01.07.2026 08:00
According to a report published by London-based OMFIF, central banks around the world plan to reduce rather than increase their dollar reserves over the next decade for the first time in history. While gold purchases are expected to accelerate due to geopolitical risks and political uncertainties, the use of artificial intelligence in reserve management is also anticipated to become more widespread.
London-based Official Monetary and Financial Institutions Forum (OMFIF) has published the results of a survey conducted with the participation of 90 central banks, public pension funds, and sovereign wealth funds managing a total of approximately $10 trillion in assets.
According to the report, for the first time since OMFIF began its research in 2010, central banks plan to decrease rather than increase their dollar reserves over the next decade.

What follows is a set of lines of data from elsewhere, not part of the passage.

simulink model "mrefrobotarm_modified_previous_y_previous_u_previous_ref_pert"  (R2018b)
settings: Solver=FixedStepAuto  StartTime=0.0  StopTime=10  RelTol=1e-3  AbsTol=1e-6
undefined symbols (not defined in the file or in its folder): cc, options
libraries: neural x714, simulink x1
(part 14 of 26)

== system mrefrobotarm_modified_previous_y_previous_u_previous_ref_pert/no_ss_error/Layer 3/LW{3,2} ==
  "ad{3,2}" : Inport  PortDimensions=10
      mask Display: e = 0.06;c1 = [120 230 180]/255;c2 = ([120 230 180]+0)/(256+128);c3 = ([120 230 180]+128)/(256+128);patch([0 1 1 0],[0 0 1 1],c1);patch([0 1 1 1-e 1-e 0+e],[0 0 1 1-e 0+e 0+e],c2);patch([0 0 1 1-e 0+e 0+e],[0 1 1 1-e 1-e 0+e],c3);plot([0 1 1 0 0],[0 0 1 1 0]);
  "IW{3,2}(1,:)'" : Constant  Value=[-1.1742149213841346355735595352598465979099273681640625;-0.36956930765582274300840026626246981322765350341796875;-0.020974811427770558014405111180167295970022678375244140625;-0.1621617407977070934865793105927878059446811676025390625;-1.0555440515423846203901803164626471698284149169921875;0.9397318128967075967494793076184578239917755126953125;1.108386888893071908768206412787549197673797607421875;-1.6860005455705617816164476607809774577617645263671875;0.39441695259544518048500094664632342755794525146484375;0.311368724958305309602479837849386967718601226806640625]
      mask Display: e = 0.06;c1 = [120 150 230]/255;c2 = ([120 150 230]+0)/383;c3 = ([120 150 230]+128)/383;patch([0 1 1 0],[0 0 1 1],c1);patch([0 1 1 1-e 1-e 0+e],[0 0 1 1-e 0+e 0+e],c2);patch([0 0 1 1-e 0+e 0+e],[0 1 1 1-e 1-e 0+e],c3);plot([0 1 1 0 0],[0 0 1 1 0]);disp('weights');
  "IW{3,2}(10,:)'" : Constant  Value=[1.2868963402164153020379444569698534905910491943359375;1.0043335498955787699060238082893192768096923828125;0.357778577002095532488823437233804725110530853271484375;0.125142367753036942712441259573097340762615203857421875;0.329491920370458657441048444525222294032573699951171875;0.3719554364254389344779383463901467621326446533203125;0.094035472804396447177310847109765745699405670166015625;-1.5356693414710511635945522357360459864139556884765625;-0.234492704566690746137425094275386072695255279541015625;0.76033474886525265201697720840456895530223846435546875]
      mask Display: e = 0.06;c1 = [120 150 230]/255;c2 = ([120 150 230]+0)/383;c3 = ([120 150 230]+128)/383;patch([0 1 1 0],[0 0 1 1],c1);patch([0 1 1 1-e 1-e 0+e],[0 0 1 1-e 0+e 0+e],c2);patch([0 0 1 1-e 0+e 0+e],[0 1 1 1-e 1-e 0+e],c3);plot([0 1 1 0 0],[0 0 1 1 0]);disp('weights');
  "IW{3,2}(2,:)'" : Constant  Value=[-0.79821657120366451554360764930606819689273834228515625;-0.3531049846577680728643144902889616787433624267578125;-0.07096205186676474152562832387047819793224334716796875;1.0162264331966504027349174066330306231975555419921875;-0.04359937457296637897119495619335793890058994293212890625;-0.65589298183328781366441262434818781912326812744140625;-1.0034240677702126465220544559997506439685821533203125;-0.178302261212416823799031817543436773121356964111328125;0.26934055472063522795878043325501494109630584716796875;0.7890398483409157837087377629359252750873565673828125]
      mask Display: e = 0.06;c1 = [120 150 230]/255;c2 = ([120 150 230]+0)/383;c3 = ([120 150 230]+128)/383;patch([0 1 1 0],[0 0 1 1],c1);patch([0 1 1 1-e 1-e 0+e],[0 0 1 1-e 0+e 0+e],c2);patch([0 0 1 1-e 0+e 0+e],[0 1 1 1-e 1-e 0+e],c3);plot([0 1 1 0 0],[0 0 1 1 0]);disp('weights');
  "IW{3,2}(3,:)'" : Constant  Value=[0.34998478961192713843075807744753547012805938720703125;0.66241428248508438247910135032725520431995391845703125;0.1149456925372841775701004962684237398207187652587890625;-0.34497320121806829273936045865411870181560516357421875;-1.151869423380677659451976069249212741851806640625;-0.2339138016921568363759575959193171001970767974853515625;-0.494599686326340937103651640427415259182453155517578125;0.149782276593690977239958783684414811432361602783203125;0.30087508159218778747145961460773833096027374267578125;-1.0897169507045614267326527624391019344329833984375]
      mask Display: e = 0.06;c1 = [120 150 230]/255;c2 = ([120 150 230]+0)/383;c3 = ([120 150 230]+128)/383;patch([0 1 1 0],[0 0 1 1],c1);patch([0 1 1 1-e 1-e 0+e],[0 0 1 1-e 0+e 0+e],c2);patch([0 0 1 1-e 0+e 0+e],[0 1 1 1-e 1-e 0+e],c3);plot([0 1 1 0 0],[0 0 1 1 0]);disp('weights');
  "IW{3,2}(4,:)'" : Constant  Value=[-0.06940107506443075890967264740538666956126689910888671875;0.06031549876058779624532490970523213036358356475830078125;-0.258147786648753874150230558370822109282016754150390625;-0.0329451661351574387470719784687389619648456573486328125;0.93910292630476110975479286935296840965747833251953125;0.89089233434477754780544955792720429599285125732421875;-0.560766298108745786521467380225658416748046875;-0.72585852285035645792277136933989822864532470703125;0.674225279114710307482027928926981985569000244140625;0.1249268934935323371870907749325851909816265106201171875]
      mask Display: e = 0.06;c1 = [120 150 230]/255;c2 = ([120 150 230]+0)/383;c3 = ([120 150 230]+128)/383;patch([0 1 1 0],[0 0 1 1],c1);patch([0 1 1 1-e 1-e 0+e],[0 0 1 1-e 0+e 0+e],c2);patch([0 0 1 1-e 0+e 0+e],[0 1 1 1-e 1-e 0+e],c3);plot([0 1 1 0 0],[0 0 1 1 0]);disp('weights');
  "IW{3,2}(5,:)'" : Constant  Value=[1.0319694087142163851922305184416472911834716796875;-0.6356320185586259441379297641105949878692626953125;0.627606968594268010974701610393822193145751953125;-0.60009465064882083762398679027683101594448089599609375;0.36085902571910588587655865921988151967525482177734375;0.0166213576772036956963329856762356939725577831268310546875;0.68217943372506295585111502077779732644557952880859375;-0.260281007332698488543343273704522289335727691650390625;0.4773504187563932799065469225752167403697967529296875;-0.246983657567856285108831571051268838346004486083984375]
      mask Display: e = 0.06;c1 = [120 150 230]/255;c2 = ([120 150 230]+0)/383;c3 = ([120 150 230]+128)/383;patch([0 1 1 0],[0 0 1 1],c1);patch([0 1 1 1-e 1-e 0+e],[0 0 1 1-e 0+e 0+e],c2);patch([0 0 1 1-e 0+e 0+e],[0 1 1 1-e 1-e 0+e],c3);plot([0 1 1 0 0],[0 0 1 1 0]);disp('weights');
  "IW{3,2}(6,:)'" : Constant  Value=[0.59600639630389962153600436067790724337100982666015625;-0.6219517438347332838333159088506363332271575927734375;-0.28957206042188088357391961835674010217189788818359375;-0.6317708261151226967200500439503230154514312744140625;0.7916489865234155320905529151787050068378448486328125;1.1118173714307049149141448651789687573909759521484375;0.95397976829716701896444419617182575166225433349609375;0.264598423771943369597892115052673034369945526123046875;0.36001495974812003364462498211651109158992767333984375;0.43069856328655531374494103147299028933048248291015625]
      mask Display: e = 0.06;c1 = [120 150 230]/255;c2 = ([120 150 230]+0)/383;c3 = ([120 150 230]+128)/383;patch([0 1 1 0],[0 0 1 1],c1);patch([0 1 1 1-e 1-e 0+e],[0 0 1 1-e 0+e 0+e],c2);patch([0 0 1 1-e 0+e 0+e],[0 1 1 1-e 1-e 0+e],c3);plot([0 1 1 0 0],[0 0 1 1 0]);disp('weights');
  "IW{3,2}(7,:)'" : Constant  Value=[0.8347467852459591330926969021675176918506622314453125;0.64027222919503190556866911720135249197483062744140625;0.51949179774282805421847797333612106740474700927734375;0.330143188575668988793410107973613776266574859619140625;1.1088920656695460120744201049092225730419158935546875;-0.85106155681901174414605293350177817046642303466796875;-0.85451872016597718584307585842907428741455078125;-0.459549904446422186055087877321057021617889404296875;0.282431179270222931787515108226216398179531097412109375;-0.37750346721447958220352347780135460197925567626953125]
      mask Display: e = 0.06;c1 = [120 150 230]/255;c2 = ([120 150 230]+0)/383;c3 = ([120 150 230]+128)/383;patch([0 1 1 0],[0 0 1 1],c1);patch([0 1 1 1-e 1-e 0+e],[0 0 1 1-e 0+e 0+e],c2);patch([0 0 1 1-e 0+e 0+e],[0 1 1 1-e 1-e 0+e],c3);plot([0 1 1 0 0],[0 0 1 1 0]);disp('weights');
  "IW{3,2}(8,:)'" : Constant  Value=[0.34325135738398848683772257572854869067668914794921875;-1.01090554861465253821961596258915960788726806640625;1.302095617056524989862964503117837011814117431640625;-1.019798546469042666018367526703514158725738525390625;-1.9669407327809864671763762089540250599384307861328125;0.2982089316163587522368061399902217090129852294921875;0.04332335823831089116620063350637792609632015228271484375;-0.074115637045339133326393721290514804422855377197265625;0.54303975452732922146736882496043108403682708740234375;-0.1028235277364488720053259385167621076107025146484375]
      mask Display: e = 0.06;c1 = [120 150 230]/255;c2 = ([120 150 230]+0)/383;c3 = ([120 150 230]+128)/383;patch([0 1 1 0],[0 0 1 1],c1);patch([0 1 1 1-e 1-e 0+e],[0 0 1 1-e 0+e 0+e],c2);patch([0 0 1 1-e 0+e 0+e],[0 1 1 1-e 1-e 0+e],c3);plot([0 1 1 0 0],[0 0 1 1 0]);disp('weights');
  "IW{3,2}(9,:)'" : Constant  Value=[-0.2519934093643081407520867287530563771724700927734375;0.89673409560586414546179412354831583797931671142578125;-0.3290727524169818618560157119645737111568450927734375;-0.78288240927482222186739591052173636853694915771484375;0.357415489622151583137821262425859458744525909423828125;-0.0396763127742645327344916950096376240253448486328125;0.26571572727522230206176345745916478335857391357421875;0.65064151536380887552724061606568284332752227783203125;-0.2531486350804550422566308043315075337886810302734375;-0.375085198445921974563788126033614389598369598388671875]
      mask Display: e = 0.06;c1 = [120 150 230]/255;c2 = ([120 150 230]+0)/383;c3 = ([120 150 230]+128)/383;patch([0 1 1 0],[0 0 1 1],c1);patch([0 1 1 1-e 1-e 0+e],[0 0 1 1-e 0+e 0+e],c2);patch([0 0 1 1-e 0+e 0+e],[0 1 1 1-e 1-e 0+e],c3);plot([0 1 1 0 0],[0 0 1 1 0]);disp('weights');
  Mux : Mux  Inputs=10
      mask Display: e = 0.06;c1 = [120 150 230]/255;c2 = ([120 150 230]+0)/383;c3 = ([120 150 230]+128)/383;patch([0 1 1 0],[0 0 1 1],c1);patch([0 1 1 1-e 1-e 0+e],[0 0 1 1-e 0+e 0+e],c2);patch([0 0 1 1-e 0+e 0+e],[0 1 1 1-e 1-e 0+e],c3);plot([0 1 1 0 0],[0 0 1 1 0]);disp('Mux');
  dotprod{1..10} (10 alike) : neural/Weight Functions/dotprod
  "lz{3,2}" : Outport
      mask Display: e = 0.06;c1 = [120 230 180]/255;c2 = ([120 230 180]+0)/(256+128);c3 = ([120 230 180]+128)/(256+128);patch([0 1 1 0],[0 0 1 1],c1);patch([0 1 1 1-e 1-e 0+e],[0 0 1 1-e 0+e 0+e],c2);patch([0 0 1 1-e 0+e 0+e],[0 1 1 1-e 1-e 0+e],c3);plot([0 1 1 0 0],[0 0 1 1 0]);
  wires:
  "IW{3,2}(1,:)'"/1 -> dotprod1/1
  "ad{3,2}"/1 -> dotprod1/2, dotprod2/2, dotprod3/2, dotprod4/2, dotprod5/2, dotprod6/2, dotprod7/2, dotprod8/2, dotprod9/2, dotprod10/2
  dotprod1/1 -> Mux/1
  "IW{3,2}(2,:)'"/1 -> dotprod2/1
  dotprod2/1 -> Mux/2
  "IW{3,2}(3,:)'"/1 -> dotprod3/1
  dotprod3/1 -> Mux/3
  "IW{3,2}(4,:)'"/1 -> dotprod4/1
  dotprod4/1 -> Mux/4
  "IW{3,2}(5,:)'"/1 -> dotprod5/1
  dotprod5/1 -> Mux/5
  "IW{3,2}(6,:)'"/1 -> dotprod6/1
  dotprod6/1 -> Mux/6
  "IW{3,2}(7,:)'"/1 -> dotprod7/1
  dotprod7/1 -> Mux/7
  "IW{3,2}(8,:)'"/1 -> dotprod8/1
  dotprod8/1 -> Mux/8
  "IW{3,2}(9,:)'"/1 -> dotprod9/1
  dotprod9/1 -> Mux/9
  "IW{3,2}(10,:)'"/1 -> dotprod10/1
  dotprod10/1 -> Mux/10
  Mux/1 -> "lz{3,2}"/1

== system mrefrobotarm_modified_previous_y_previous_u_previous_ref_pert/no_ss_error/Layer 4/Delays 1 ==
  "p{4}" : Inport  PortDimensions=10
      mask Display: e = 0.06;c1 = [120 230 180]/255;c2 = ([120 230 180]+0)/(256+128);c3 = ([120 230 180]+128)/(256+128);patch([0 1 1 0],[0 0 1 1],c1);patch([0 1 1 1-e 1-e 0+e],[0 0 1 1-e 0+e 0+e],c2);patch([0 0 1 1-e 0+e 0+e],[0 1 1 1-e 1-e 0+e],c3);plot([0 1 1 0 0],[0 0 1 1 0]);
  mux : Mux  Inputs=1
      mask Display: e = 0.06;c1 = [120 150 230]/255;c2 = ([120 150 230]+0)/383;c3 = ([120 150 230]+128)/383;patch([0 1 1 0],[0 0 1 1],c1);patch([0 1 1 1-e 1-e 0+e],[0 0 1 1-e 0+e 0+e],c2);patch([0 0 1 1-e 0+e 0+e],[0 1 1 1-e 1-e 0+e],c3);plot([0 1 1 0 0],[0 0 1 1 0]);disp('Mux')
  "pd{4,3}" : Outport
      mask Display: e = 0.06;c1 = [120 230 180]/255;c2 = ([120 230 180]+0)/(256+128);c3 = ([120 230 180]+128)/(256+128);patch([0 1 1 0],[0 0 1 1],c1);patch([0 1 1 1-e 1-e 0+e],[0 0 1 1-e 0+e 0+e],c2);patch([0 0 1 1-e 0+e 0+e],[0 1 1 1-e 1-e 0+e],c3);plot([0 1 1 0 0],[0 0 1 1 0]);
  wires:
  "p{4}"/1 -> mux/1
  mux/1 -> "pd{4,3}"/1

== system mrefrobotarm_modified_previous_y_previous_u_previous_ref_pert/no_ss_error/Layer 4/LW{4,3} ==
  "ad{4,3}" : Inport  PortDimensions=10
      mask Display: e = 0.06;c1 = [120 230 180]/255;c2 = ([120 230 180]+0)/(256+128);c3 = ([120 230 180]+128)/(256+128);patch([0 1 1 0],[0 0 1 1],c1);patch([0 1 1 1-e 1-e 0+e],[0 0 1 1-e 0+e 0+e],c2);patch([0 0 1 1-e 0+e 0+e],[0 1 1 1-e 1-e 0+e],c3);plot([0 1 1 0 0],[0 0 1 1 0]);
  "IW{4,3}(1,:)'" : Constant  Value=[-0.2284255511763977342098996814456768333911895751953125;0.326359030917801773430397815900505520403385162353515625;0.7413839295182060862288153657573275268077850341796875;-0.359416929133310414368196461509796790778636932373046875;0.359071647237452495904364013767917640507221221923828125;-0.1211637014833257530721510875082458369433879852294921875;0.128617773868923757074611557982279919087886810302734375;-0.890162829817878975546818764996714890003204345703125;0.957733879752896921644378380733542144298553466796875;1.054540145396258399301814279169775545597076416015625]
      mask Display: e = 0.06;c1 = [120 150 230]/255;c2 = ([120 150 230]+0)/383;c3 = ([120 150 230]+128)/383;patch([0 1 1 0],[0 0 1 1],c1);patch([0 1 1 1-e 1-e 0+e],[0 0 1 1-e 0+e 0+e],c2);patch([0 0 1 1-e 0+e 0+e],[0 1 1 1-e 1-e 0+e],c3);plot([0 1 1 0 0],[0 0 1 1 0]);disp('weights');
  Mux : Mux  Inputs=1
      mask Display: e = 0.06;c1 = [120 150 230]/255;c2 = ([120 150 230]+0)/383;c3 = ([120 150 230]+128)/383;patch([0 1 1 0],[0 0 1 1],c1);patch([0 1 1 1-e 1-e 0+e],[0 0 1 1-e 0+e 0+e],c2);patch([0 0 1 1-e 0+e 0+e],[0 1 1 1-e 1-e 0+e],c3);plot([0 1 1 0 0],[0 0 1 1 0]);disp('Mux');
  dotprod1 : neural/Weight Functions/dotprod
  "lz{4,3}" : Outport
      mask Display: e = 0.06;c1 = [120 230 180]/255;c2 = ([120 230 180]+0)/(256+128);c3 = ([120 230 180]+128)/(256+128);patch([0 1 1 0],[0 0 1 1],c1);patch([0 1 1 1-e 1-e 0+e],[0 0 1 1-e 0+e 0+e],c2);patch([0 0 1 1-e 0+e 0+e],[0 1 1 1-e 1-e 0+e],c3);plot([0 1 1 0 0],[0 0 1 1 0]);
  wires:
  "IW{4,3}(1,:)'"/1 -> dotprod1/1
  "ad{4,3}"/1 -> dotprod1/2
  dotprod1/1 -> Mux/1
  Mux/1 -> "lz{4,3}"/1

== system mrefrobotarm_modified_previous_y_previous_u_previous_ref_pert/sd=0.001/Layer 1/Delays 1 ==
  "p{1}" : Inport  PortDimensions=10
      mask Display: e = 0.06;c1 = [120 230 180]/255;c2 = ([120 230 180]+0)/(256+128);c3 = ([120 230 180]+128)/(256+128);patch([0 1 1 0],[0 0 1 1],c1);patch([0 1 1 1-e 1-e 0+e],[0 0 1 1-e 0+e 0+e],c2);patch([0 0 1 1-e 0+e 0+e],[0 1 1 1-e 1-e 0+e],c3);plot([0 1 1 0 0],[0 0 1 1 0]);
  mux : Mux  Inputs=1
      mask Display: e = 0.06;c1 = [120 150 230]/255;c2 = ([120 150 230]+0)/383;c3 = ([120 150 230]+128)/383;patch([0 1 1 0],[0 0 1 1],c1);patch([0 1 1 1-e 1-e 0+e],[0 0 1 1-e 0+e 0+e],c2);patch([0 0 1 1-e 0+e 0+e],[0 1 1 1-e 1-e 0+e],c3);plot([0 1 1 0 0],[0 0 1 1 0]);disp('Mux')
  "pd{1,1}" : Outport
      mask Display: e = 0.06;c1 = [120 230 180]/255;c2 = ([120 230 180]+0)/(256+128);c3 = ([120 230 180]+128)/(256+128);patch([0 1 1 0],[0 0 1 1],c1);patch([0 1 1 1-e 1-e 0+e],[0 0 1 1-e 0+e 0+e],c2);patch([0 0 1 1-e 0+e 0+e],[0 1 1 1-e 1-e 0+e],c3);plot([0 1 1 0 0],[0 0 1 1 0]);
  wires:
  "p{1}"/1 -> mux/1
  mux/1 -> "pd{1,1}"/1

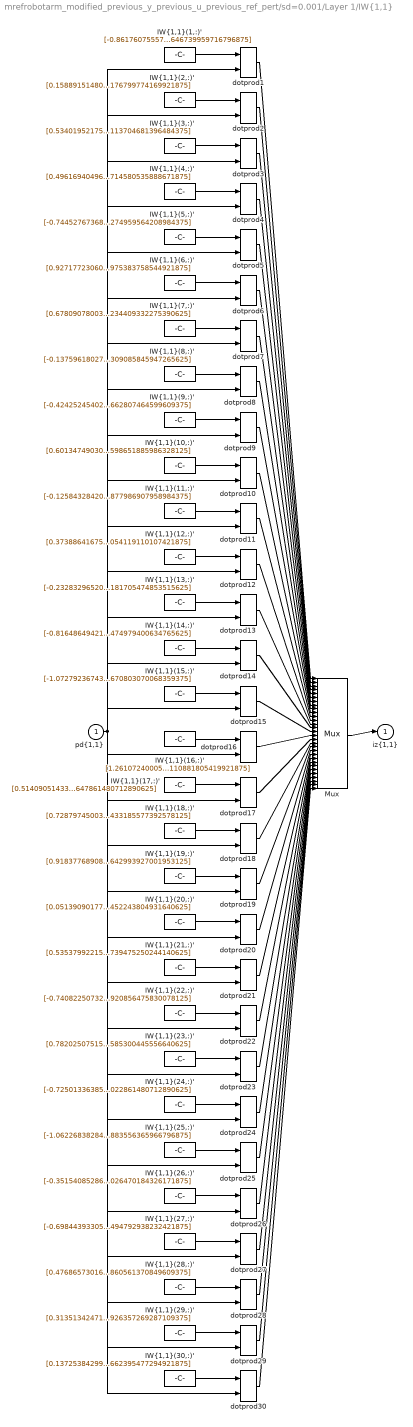
== system mrefrobotarm_modified_previous_y_previous_u_previous_ref_pert/sd=0.001/Layer 1/IW{1,1} ==
  "pd{1,1}" : Inport  PortDimensions=10
      mask Display: e = 0.06;c1 = [120 230 180]/255;c2 = ([120 230 180]+0)/(256+128);c3 = ([120 230 180]+128)/(256+128);patch([0 1 1 0],[0 0 1 1],c1);patch([0 1 1 1-e 1-e 0+e],[0 0 1 1-e 0+e 0+e],c2);patch([0 0 1 1-e 0+e 0+e],[0 1 1 1-e 1-e 0+e],c3);plot([0 1 1 0 0],[0 0 1 1 0]);
  "IW{1,1}(1,:)'" : Constant  Value=[-0.86176075557723141873367467269417829811573028564453125;0.004071028969782842545088730190627757110632956027984619140625;0.9276173767568607342326458820025436580181121826171875;-0.7967440168978880965511280010105110704898834228515625;0.1354921212385334639005662893396220169961452484130859375;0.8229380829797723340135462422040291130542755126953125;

The report stated that political uncertainties in the US and increasing geopolitical risks have led reserve managers to reassess dollar assets.
GOLD RESERVES TO INCREASE
Central banks are pursuing a strategy of diversifying their reserves in response to the declining weight of the dollar in the global system. According to the survey, a net 30% of central banks plan to increase their gold reserves within the next 1 to 2 years.
Meanwhile, it was noted that the Norwegian Krone and New Zealand Dollar are gaining more attention as reserve currencies, while demand for the British Pound has also increased. Despite structural issues, the Euro and Chinese Yuan continue to be included in portfolios as reserve diversification tools.
AI ERA IN RESERVE MANAGEMENT
The report revealed that technology will also be used more in reserve management. According to Sabah's news, over 66% of central banks plan to increase artificial intelligence integration into reserve management processes in the short term.
Changes in the investment preferences of public funds are also notable. While 38% of funds participating in the survey plan to increase investments in developing countries, investment appetite for developed economies has declined from 47% to 25%.
EXPECTATION OF A MULTIPOLAR MONETARY SYSTEM
79% of central banks and 60% of public funds participating in the research believe that the global monetary system is evolving toward a multipolar structure.
The report indicates that in the coming years, the weight of the dollar in central banks' reserve management may decrease, while gold, different currencies, and AI-supported investment strategies could come to the forefront.